* PROBLEM DETAILS *
Quote the data exactly, first line to the line containing "msp.add_line(p, q, dxfattribs=at)", with no pictures.

Data excerpts
○ ○ ○ ○ ○

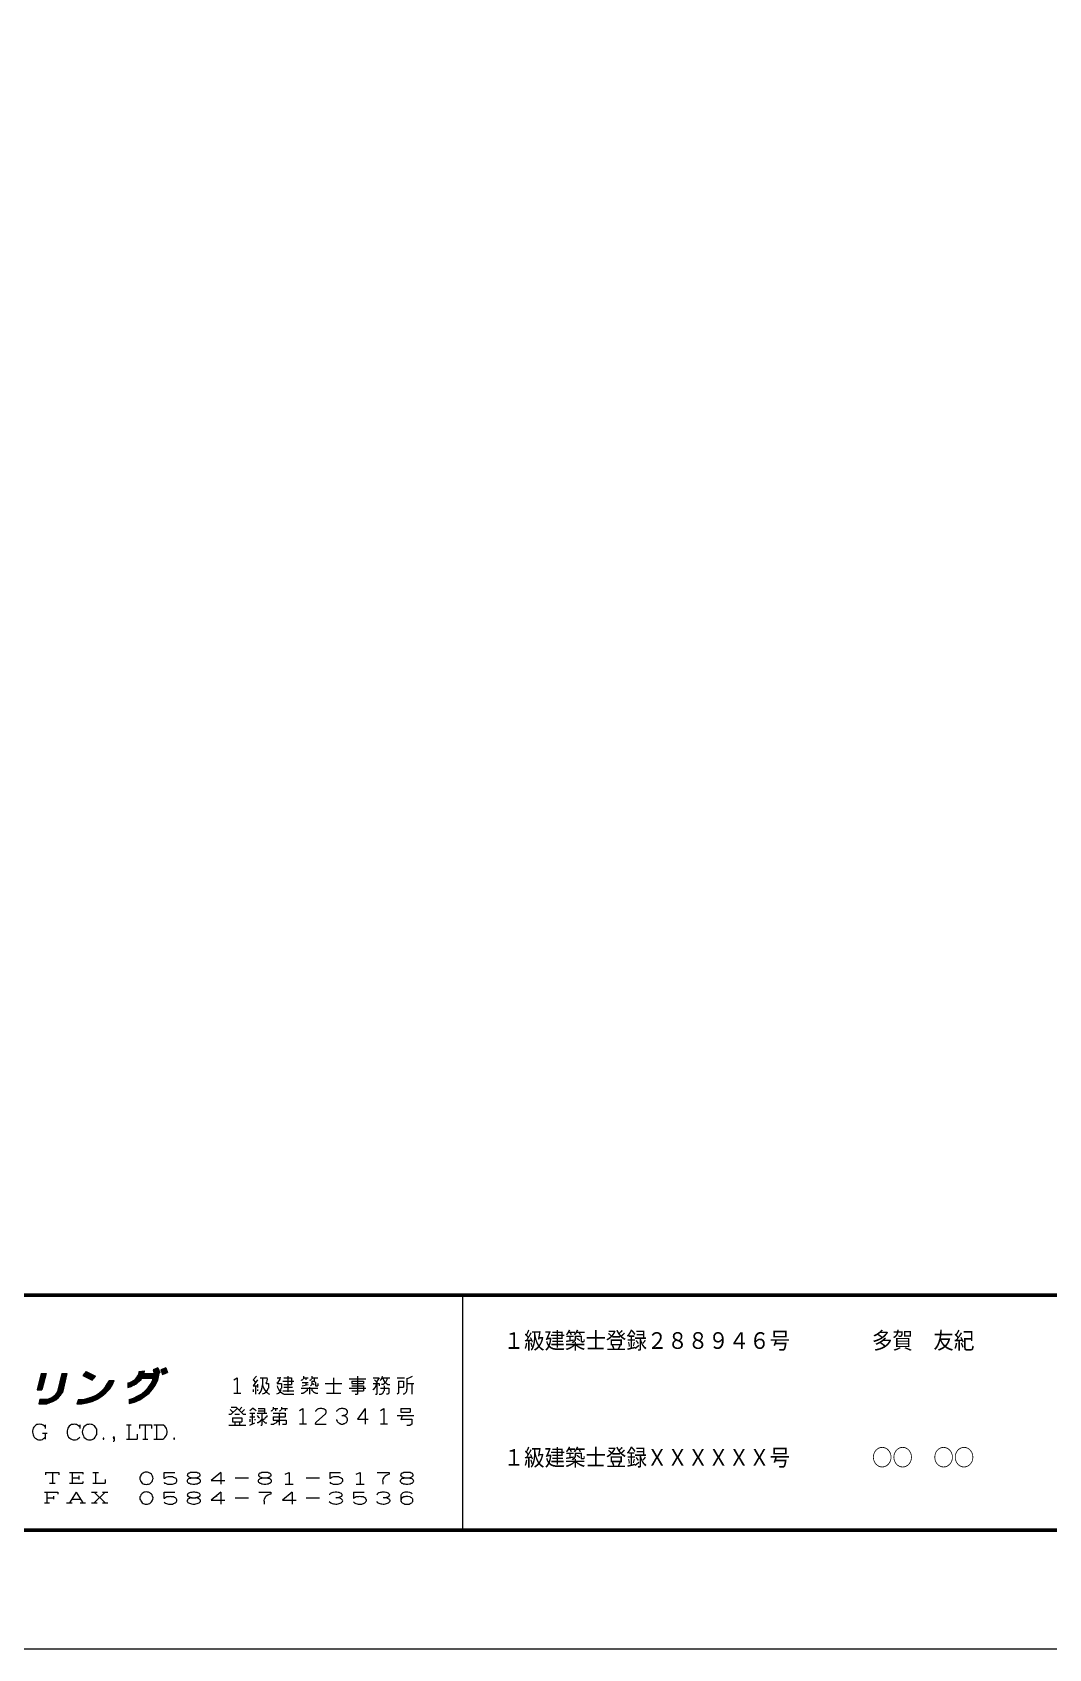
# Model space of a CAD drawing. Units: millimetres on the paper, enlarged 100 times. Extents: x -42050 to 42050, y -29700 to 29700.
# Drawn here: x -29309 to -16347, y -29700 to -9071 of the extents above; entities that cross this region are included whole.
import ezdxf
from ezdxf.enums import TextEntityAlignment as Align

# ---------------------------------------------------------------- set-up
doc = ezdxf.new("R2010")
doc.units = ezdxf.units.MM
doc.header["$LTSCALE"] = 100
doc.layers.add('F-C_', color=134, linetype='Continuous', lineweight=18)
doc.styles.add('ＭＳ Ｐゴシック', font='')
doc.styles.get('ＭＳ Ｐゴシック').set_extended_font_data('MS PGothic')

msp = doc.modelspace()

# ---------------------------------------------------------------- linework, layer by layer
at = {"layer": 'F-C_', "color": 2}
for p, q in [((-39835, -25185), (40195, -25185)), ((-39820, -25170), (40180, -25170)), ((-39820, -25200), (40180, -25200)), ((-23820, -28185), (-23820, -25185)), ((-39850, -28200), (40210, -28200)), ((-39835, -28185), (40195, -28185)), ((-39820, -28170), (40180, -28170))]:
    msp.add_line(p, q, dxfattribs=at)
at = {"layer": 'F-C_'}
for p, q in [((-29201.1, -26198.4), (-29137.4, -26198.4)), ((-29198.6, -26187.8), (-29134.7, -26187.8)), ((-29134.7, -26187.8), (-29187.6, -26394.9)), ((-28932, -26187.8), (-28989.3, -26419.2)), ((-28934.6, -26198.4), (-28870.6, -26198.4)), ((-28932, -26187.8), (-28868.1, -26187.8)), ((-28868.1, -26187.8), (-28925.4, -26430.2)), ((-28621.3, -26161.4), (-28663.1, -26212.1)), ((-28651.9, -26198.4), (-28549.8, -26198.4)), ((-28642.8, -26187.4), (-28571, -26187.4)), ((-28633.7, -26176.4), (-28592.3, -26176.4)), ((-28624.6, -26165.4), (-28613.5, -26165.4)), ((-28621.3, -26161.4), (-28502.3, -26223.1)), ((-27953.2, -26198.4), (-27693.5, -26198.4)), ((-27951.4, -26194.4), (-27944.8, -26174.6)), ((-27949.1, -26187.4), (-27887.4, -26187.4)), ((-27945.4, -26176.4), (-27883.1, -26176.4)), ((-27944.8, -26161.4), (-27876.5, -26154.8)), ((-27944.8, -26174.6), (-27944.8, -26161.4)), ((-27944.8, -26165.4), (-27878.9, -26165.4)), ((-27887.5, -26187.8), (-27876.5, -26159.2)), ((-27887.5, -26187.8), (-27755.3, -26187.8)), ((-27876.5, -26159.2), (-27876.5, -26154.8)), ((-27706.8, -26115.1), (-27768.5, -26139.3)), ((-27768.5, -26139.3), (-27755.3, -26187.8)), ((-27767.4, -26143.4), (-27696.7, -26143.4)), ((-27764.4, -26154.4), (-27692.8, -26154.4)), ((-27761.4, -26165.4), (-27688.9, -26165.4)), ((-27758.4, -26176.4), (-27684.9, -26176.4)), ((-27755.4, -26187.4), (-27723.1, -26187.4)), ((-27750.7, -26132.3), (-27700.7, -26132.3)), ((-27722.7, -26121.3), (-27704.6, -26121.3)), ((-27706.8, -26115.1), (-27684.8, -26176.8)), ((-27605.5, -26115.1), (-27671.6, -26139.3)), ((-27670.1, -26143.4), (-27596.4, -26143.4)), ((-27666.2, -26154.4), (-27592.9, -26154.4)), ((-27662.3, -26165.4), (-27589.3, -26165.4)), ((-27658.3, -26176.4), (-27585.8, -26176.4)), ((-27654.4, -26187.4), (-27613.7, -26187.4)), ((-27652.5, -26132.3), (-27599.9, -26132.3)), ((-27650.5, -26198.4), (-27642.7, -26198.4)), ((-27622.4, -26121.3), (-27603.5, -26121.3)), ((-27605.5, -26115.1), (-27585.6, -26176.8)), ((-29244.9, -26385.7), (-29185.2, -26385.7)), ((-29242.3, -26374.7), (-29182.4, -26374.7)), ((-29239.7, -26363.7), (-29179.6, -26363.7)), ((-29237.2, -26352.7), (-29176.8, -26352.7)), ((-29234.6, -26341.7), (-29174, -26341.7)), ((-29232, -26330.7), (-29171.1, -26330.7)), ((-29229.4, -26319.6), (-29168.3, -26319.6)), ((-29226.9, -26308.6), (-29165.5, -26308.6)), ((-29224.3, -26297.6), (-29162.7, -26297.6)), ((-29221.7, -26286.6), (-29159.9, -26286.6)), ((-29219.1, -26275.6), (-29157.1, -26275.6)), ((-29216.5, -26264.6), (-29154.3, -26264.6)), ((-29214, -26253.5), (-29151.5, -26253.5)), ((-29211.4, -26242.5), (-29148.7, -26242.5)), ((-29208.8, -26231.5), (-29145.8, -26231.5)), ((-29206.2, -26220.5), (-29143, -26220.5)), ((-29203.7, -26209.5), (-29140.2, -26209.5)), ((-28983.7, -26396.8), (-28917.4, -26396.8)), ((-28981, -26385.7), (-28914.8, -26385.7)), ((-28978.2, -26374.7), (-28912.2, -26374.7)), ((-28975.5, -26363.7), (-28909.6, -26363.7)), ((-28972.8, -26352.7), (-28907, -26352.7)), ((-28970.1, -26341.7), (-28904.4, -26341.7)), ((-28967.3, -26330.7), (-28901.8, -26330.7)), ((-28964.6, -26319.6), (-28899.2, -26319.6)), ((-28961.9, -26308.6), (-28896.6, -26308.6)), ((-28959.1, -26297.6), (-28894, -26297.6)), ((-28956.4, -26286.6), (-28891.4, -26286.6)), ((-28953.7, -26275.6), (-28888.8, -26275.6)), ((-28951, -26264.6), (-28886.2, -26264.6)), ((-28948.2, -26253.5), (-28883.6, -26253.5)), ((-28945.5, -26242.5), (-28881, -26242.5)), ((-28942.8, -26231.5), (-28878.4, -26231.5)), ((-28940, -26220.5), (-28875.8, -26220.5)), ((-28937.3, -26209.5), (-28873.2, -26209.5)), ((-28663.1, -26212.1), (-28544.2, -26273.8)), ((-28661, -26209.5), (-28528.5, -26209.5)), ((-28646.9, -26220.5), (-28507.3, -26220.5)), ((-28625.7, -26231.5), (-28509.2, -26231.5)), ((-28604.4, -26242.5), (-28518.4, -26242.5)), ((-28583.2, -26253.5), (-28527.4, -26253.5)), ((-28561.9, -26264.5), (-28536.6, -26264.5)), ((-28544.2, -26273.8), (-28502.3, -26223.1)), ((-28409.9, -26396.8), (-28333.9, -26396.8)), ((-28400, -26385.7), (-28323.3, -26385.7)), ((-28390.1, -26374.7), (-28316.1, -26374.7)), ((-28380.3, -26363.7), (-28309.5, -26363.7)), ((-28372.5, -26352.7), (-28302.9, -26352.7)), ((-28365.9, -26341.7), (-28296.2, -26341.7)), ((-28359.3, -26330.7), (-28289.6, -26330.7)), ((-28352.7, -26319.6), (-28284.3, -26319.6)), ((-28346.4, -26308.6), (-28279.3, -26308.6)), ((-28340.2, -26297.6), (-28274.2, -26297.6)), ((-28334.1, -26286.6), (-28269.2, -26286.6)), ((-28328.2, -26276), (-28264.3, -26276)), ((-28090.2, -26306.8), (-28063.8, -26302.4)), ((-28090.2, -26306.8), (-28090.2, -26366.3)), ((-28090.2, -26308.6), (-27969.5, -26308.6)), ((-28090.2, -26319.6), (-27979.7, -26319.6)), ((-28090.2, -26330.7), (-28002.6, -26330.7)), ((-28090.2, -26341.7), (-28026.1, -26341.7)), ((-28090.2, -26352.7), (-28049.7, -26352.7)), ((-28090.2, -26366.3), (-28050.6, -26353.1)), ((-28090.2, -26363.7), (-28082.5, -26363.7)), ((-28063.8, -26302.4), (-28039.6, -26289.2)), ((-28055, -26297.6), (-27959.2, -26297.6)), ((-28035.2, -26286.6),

○ ○ ○ ○ ○

* EXERCISE RESPONSE *
# Model space of a CAD drawing. Units: millimetres on the paper, enlarged 100 times. Extents: x -42050 to 42050, y -29700 to 29700.
# Drawn here: x -29309 to -16347, y -29700 to -9071 of the extents above; entities that cross this region are included whole.
import ezdxf
from ezdxf.enums import TextEntityAlignment as Align

# ---------------------------------------------------------------- set-up
doc = ezdxf.new("R2010")
doc.units = ezdxf.units.MM
doc.header["$LTSCALE"] = 100
doc.layers.add('F-C_', color=134, linetype='Continuous', lineweight=18)
doc.styles.add('ＭＳ Ｐゴシック', font='')
doc.styles.get('ＭＳ Ｐゴシック').set_extended_font_data('MS PGothic')

msp = doc.modelspace()

# ---------------------------------------------------------------- linework, layer by layer
at = {"layer": 'F-C_', "color": 2}
for p, q in [((-39835, -25185), (40195, -25185)), ((-39820, -25170), (40180, -25170)), ((-39820, -25200), (40180, -25200)), ((-23820, -28185), (-23820, -25185)), ((-39850, -28200), (40210, -28200)), ((-39835, -28185), (40195, -28185)), ((-39820, -28170), (40180, -28170))]:
    msp.add_line(p, q, dxfattribs=at)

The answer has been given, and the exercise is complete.